Un point mérite d’être signalé sur les cours collectifs de vélo, très en vogue depuis quelques années. La pénombre, la musique et l’ambiance encouragent une intensité élevée, ce qui est excellent pour qui est préparé. Mais dans ce contexte, personne ne vérifie votre réglage de selle, et il est encore plus tentant d’écraser une résistance excessive au rythme du morceau. Si vous découvrez la discipline, arrivez cinq minutes en avance et faites contrôler votre position avant que la salle ne s’éteigne.
8. Le Fit Bike chez MagicFit
Nos quinze clubs sont équipés de vélos, en accès libre comme en cours collectifs. Vous y trouverez de quoi travailler l’endurance, reprendre après une interruption, ou compléter un programme de renforcement.
Une seule demande, et elle vaut mieux que toutes les promesses : faites-vous montrer le réglage de la selle par un coach lors de votre première séance. Cela prend deux minutes, cela ne coûte rien, et c’est probablement le conseil le plus rentable que nous puissions vous donner sur cet appareil.

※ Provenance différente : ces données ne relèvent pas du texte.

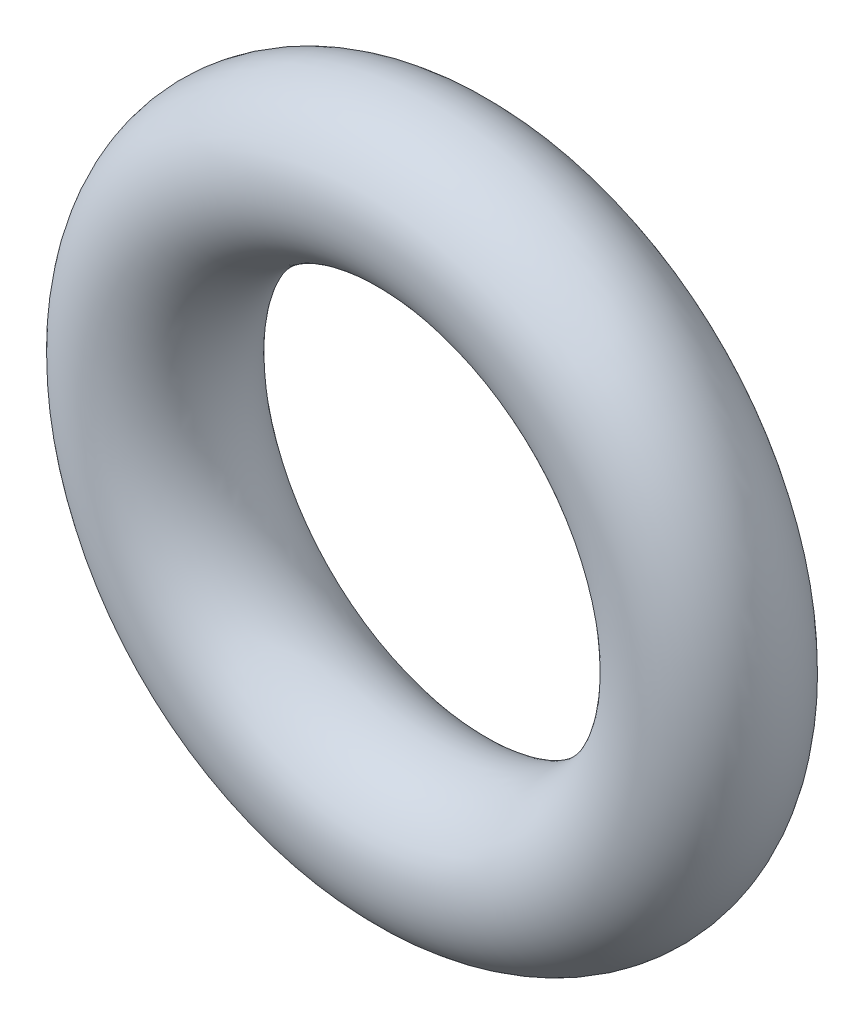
ISO-10303-21;
HEADER;
FILE_DESCRIPTION(('STEP AP214'),'2;1');
FILE_NAME('part.step','',(''),(''),'','','');
FILE_SCHEMA(('AUTOMOTIVE_DESIGN { 1 0 10303 214 1 1 1 1 }'));
ENDSEC;
DATA;
#1=APPLICATION_CONTEXT('core data for automotive mechanical design processes');
#2=APPLICATION_PROTOCOL_DEFINITION('international standard','automotive_design',2000,#1);
#3=PRODUCT_CONTEXT('',#1,'mechanical');
#4=PRODUCT('Part','Part','',(#3));
#5=PRODUCT_RELATED_PRODUCT_CATEGORY('part','',(#4));
#6=PRODUCT_DEFINITION_FORMATION('','',#4);
#7=PRODUCT_DEFINITION_CONTEXT('part definition',#1,'design');
#8=PRODUCT_DEFINITION('design','',#6,#7);
#9=PRODUCT_DEFINITION_SHAPE('','',#8);
#10=(LENGTH_UNIT() NAMED_UNIT(*) SI_UNIT(.MILLI.,.METRE.));
#11=(NAMED_UNIT(*) PLANE_ANGLE_UNIT() SI_UNIT($,.RADIAN.));
#12=(NAMED_UNIT(*) SI_UNIT($,.STERADIAN.) SOLID_ANGLE_UNIT());
#13=UNCERTAINTY_MEASURE_WITH_UNIT(LENGTH_MEASURE(1.E-05),#10,'distance_accuracy_value','');
#14=(GEOMETRIC_REPRESENTATION_CONTEXT(3) GLOBAL_UNCERTAINTY_ASSIGNED_CONTEXT((#13)) GLOBAL_UNIT_ASSIGNED_CONTEXT((#10,
#11,#12)) REPRESENTATION_CONTEXT('',''));
#15=CARTESIAN_POINT('',(0.,0.,0.));
#16=DIRECTION('',(0.,0.,1.));
#17=DIRECTION('',(1.,0.,0.));
#18=AXIS2_PLACEMENT_3D('',#15,#16,#17);
#19=CARTESIAN_POINT('',(-36.,0.,0.));
#20=DIRECTION('',(0.,0.,-1.));
#21=DIRECTION('',(-1.,0.,0.));
#22=AXIS2_PLACEMENT_3D('',#19,#20,#21);
#23=TOROIDAL_SURFACE('',#22,36.,10.);
#24=CARTESIAN_POINT('',(-82.,0.,0.));
#25=VERTEX_POINT('',#24);
#26=VERTEX_LOOP('',#25);
#27=FACE_BOUND('',#26,.T.);
#28=ADVANCED_FACE('F27',(#27),#23,.T.);
#29=CLOSED_SHELL('',(#28));
#30=MANIFOLD_SOLID_BREP('B2',#29);
#31=ADVANCED_BREP_SHAPE_REPRESENTATION('',(#18,#30),#14);
#32=SHAPE_DEFINITION_REPRESENTATION(#9,#31);
ENDSEC;
END-ISO-10303-21;
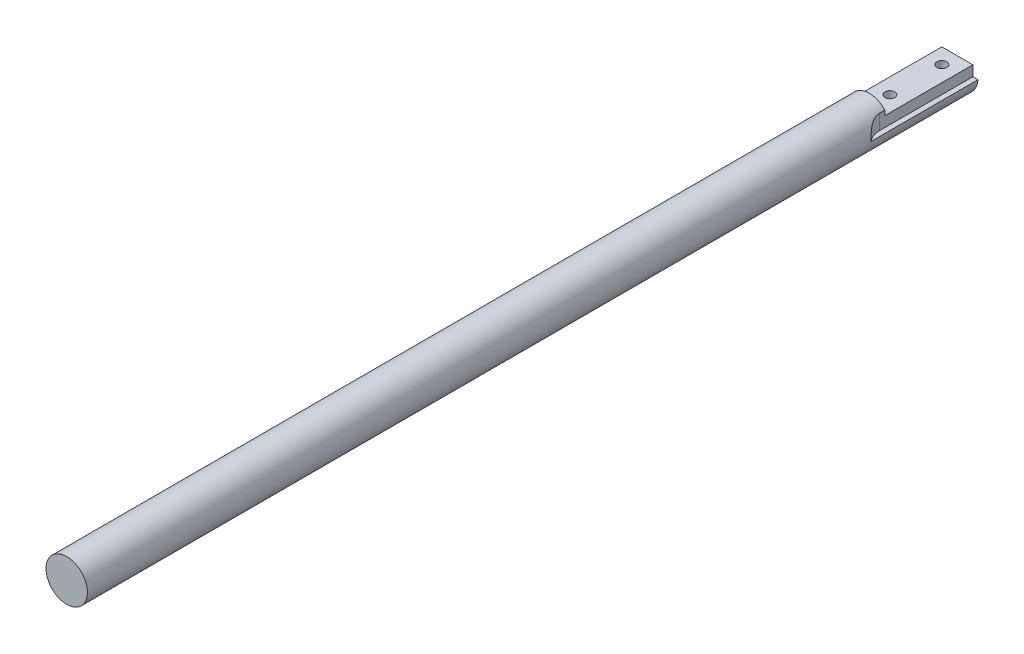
ISO-10303-21;
HEADER;
FILE_DESCRIPTION(('STEP AP214'),'2;1');
FILE_NAME('part.step','',(''),(''),'','','');
FILE_SCHEMA(('AUTOMOTIVE_DESIGN { 1 0 10303 214 1 1 1 1 }'));
ENDSEC;
DATA;
#1=APPLICATION_CONTEXT('core data for automotive mechanical design processes');
#2=APPLICATION_PROTOCOL_DEFINITION('international standard','automotive_design',2000,#1);
#3=PRODUCT_CONTEXT('',#1,'mechanical');
#4=PRODUCT('Part','Part','',(#3));
#5=PRODUCT_RELATED_PRODUCT_CATEGORY('part','',(#4));
#6=PRODUCT_DEFINITION_FORMATION('','',#4);
#7=PRODUCT_DEFINITION_CONTEXT('part definition',#1,'design');
#8=PRODUCT_DEFINITION('design','',#6,#7);
#9=PRODUCT_DEFINITION_SHAPE('','',#8);
#10=(LENGTH_UNIT() NAMED_UNIT(*) SI_UNIT(.MILLI.,.METRE.));
#11=(NAMED_UNIT(*) PLANE_ANGLE_UNIT() SI_UNIT($,.RADIAN.));
#12=(NAMED_UNIT(*) SI_UNIT($,.STERADIAN.) SOLID_ANGLE_UNIT());
#13=UNCERTAINTY_MEASURE_WITH_UNIT(LENGTH_MEASURE(1.E-05),#10,'distance_accuracy_value','');
#14=(GEOMETRIC_REPRESENTATION_CONTEXT(3) GLOBAL_UNCERTAINTY_ASSIGNED_CONTEXT((#13)) GLOBAL_UNIT_ASSIGNED_CONTEXT((#10,
#11,#12)) REPRESENTATION_CONTEXT('',''));
#15=CARTESIAN_POINT('',(0.,0.,0.));
#16=DIRECTION('',(0.,0.,1.));
#17=DIRECTION('',(1.,0.,0.));
#18=AXIS2_PLACEMENT_3D('',#15,#16,#17);
#19=CARTESIAN_POINT('',(0.,0.,136.525));
#20=DIRECTION('',(0.,0.,-1.));
#21=DIRECTION('',(-1.,0.,0.));
#22=AXIS2_PLACEMENT_3D('',#19,#20,#21);
#23=CYLINDRICAL_SURFACE('',#22,3.17500000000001);
#24=CARTESIAN_POINT('',(0.,-3.17500000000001,9.57580866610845));
#25=CARTESIAN_POINT('',(0.0421595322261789,-3.17499925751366,9.57601101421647));
#26=CARTESIAN_POINT('',(0.0843169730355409,-3.17415185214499,9.57972157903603));
#27=CARTESIAN_POINT('',(0.167393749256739,-3.17085734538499,9.59404425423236));
#28=CARTESIAN_POINT('',(0.20831230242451,-3.16840925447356,9.60466063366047));
#29=CARTESIAN_POINT('',(0.287700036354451,-3.16218880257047,9.632438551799));
#30=CARTESIAN_POINT('',(0.326171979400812,-3.15841796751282,9.64959255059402));
#31=CARTESIAN_POINT('',(0.399692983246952,-3.14995900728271,9.68993424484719));
#32=CARTESIAN_POINT('',(0.434741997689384,-3.14527086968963,9.7131220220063));
#33=CARTESIAN_POINT('',(0.501090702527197,-3.13539131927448,9.76534097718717));
#34=CARTESIAN_POINT('',(0.532315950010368,-3.13019266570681,9.79446537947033));
#35=CARTESIAN_POINT('',(0.589487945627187,-3.11993181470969,9.85752729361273));
#36=CARTESIAN_POINT('',(0.615434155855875,-3.11486963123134,9.89146529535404));
#37=CARTESIAN_POINT('',(0.661640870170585,-3.10538595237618,9.96374546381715));
#38=CARTESIAN_POINT('',(0.681821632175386,-3.10097381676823,10.0021399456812));
#39=CARTESIAN_POINT('',(0.715414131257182,-3.09339719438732,10.0818991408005));
#40=CARTESIAN_POINT('',(0.728826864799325,-3.09023252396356,10.1232634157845));
#41=CARTESIAN_POINT('',(0.748256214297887,-3.0855852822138,10.2069706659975));
#42=CARTESIAN_POINT('',(0.754406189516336,-3.08407242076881,10.2492809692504));
#43=CARTESIAN_POINT('',(0.75954839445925,-3.08281022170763,10.3343575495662));
#44=CARTESIAN_POINT('',(0.758541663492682,-3.08306062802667,10.377123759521));
#45=CARTESIAN_POINT('',(0.749508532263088,-3.08526853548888,10.4609159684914));
#46=CARTESIAN_POINT('',(0.741635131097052,-3.08718882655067,10.5019595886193));
#47=CARTESIAN_POINT('',(0.719331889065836,-3.0924612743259,10.5821266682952));
#48=CARTESIAN_POINT('',(0.704901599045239,-3.09581352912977,10.6212499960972));
#49=CARTESIAN_POINT('',(0.669747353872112,-3.10360904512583,10.6969080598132));
#50=CARTESIAN_POINT('',(0.648963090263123,-3.10806267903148,10.7334136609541));
#51=CARTESIAN_POINT('',(0.601734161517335,-3.11755025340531,10.8024762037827));
#52=CARTESIAN_POINT('',(0.575288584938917,-3.12258428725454,10.8350325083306));
#53=CARTESIAN_POINT('',(0.516675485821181,-3.13282256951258,10.8961551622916));
#54=CARTESIAN_POINT('',(0.484377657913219,-3.13802785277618,10.9245965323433));
#55=CARTESIAN_POINT('',(0.415405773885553,-3.14790006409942,10.9756802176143));
#56=CARTESIAN_POINT('',(0.378731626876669,-3.15256698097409,10.9983224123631));
#57=CARTESIAN_POINT('',(0.301906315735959,-3.16084984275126,11.0371897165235));
#58=CARTESIAN_POINT('',(0.261747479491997,-3.1644633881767,11.053400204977));
#59=CARTESIAN_POINT('',(0.179169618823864,-3.17021040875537,11.0788074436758));
#60=CARTESIAN_POINT('',(0.13675099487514,-3.17234414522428,11.0880054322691));
#61=CARTESIAN_POINT('',(0.0519409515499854,-3.17485180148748,11.0989438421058));
#62=CARTESIAN_POINT('',(0.00957292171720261,-3.17526640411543,11.1008565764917));
#63=CARTESIAN_POINT('',(-0.074874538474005,-3.17439781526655,11.0976380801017));
#64=CARTESIAN_POINT('',(-0.11695399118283,-3.17311475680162,11.0925074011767));
#65=CARTESIAN_POINT('',(-0.199073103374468,-3.16901636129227,11.0754880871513));
#66=CARTESIAN_POINT('',(-0.239132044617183,-3.16622095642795,11.0636872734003));
#67=CARTESIAN_POINT('',(-0.316700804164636,-3.1594054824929,11.0337611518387));
#68=CARTESIAN_POINT('',(-0.354210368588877,-3.15538529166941,11.0156352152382));
#69=CARTESIAN_POINT('',(-0.426327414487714,-3.14646056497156,10.9732167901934));
#70=CARTESIAN_POINT('',(-0.460873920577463,-3.14154201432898,10.9488236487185));
#71=CARTESIAN_POINT('',(-0.52544420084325,-3.13139004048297,10.8946964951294));
#72=CARTESIAN_POINT('',(-0.555467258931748,-3.12615656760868,10.8649616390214));
#73=CARTESIAN_POINT('',(-0.6108256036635,-3.1158191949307,10.8002033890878));
#74=CARTESIAN_POINT('',(-0.63604152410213,-3.11072078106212,10.7650769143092));
#75=CARTESIAN_POINT('',(-0.680216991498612,-3.10136127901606,10.690984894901));
#76=CARTESIAN_POINT('',(-0.699176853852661,-3.0971001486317,10.6520195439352));
#77=CARTESIAN_POINT('',(-0.730150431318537,-3.08994466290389,10.571599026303));
#78=CARTESIAN_POINT('',(-0.742209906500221,-3.08704132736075,10.5301623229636));
#79=CARTESIAN_POINT('',(-0.759172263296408,-3.08291423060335,10.4457704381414));
#80=CARTESIAN_POINT('',(-0.764076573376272,-3.08169013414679,10.4028155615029));
#81=CARTESIAN_POINT('',(-0.766526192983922,-3.08108157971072,10.3178335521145));
#82=CARTESIAN_POINT('',(-0.764264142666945,-3.08164896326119,10.2758122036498));
#83=CARTESIAN_POINT('',(-0.752878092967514,-3.0844502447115,10.1927691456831));
#84=CARTESIAN_POINT('',(-0.743754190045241,-3.08668411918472,10.1517474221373));
#85=CARTESIAN_POINT('',(-0.718999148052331,-3.09254339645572,10.072034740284));
#86=CARTESIAN_POINT('',(-0.703397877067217,-3.09616240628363,10.0333340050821));
#87=CARTESIAN_POINT('',(-0.666155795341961,-3.10438779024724,9.95907159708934));
#88=CARTESIAN_POINT('',(-0.644514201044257,-3.10899429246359,9.92351033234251));
#89=CARTESIAN_POINT('',(-0.595180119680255,-3.1188189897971,9.85559473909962));
#90=CARTESIAN_POINT('',(-0.56735205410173,-3.12404943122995,9.82334064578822));
#91=CARTESIAN_POINT('',(-0.50670845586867,-3.13445630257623,9.7638980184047));
#92=CARTESIAN_POINT('',(-0.473891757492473,-3.13963271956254,9.73671067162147));
#93=CARTESIAN_POINT('',(-0.403561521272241,-3.14945115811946,9.68774801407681));
#94=CARTESIAN_POINT('',(-0.365980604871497,-3.15408318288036,9.66606734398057));
#95=CARTESIAN_POINT('',(-0.287600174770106,-3.16219199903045,9.62936737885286));
#96=CARTESIAN_POINT('',(-0.246803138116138,-3.16566966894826,9.61434301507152));
#97=CARTESIAN_POINT('',(-0.171689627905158,-3.17053067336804,9.59376001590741));
#98=CARTESIAN_POINT('',(-0.137742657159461,-3.1721961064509,9.58689769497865));
#99=CARTESIAN_POINT('',(-0.0691966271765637,-3.17443103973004,9.57783914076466));
#100=CARTESIAN_POINT('',(-0.0345976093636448,-3.17500060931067,9.57564261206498));
#101=CARTESIAN_POINT('',(0.,-3.17500000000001,9.57580866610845));
#102=B_SPLINE_CURVE_WITH_KNOTS('',3,(#24,#25,#26,#27,#28,#29,#30,#31,#32,#33,#34,#35,#36,#37,
#38,#39,#40,#41,#42,#43,#44,#45,#46,#47,#48,#49,#50,#51,#52,#53,#54,#55,#56,#57,#58,#59,#60,#61,
#62,#63,#64,#65,#66,#67,#68,#69,#70,#71,#72,#73,#74,#75,#76,#77,#78,#79,#80,#81,#82,#83,#84,#85,
#86,#87,#88,#89,#90,#91,#92,#93,#94,#95,#96,#97,#98,#99,#100,#101),.UNSPECIFIED.,.T.,.F.,(4,2,2,
2,2,2,2,2,2,2,2,2,2,2,2,2,2,2,2,2,2,2,2,2,2,2,2,2,2,2,2,2,2,2,2,2,2,2,4),(0.,0.126353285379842,
0.252784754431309,0.379070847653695,0.505358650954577,0.633808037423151,0.762270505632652,
0.892432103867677,1.02257453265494,1.15028816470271,1.2779832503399,1.40290376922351,
1.52783284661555,1.65398657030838,1.78016061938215,1.90959813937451,2.03903834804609,
2.16877114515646,2.29848102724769,2.42510320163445,2.55171545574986,2.67669827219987,
2.80169351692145,2.92883756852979,3.0560017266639,3.18599950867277,3.3159907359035,
3.44510962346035,3.57420273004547,3.69985539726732,3.8255062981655,3.95058412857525,
4.07567819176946,4.2038451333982,4.33204207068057,4.4623123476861,4.5924832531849,
4.69617981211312,4.79986980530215),.UNSPECIFIED.);
#103=CARTESIAN_POINT('',(0.,-3.17500000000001,9.57580866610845));
#104=VERTEX_POINT('',#103);
#105=EDGE_CURVE('E11',#104,#104,#102,.T.);
#106=ORIENTED_EDGE('',*,*,#105,.F.);
#107=EDGE_LOOP('',(#106));
#108=FACE_BOUND('',#107,.T.);
#109=CARTESIAN_POINT('',(0.,-3.17500000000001,1.60036599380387));
#110=CARTESIAN_POINT('',(0.0421684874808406,-3.17499926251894,1.60124759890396));
#111=CARTESIAN_POINT('',(0.084278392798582,-3.17415150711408,1.60563987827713));
#112=CARTESIAN_POINT('',(0.167148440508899,-3.1708689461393,1.62131106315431));
#113=CARTESIAN_POINT('',(0.207907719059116,-3.16843314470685,1.63259428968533));
#114=CARTESIAN_POINT('',(0.286870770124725,-3.16226146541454,1.6616721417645));
#115=CARTESIAN_POINT('',(0.325077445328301,-3.158527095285,1.6794592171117));
#116=CARTESIAN_POINT('',(0.397969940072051,-3.15017344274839,1.72101917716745));
#117=CARTESIAN_POINT('',(0.432655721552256,-3.14555415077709,1.74479212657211));
#118=CARTESIAN_POINT('',(0.498179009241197,-3.13585071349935,1.79812816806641));
#119=CARTESIAN_POINT('',(0.52894081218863,-3.13075998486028,1.82778307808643));
#120=CARTESIAN_POINT('',(0.585101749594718,-3.12075256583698,1.89182784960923));
#121=CARTESIAN_POINT('',(0.610500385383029,-3.11583589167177,1.92621815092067));
#122=CARTESIAN_POINT('',(0.655504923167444,-3.10668214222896,1.99927304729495));
#123=CARTESIAN_POINT('',(0.675037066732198,-3.10245400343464,2.03798429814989));
#124=CARTESIAN_POINT('',(0.707287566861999,-3.0952615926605,2.11825801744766));
#125=CARTESIAN_POINT('',(0.720006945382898,-3.0922971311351,2.15982005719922));
#126=CARTESIAN_POINT('',(0.738037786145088,-3.08804311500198,2.24377831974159));
#127=CARTESIAN_POINT('',(0.74348519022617,-3.08672285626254,2.28614376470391));
#128=CARTESIAN_POINT('',(0.747230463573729,-3.08581850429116,2.37120513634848));
#129=CARTESIAN_POINT('',(0.745529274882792,-3.08623418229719,2.41390101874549));
#130=CARTESIAN_POINT('',(0.735145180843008,-3.08872356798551,2.4975061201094));
#131=CARTESIAN_POINT('',(0.726603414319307,-3.09076375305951,2.53843400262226));
#132=CARTESIAN_POINT('',(0.702989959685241,-3.09621958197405,2.6182624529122));
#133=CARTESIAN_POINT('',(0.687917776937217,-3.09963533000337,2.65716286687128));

Pour le reste, nous ne vous dirons pas que le vélo va sculpter vos jambes ni faire fondre votre graisse à coups de cinq cents calories. Il fera de vous quelqu’un de plus endurant, sans abîmer vos articulations — et c’est déjà beaucoup. Venez essayer.
Questions fréquentes
Fit Bike : vos questions
Sources
- Bini R et al. — Effects of bicycle saddle height on knee injury risk and cycling performance (Sports Med, 2011). La hauteur de selle réglée selon un angle de flexion du genou de vingt-cinq à trente degrés réduit le risque de blessure.
- Physiopedia — Cyclist’s Knee. Syndrome fémoro-patellaire et syndrome de la bandelette ilio-tibiale : mécanismes et prévalence chez les cyclistes.
- Center for Science in the Public Interest — How accurate are calorie counts from gym equipment?. Entretien avec John Porcari, qui rédige les équations de dépense pour les fabricants : l’erreur peut atteindre vingt à trente pour cent.
- US News Health — Do Exercise Machines Lie?. Mesures du Human Performance Center (UCSF) : surestimation moyenne d’environ un cinquième, le vélo étant la machine la moins imprécise.
- Organisation mondiale de la santé — Activité physique (2020). Recommandations d’endurance et de renforcement musculaire pour les adultes.
Sources consultées en juin 2026. Les valeurs de surestimation varient selon les modèles et les protocoles ; elles sont données à titre indicatif. Cet article ne remplace pas l’avis d’un professionnel de santé. En cas de douleur articulaire persistante, consultez. En cas de détresse psychique, le 3114 est joignable gratuitement, à tout moment.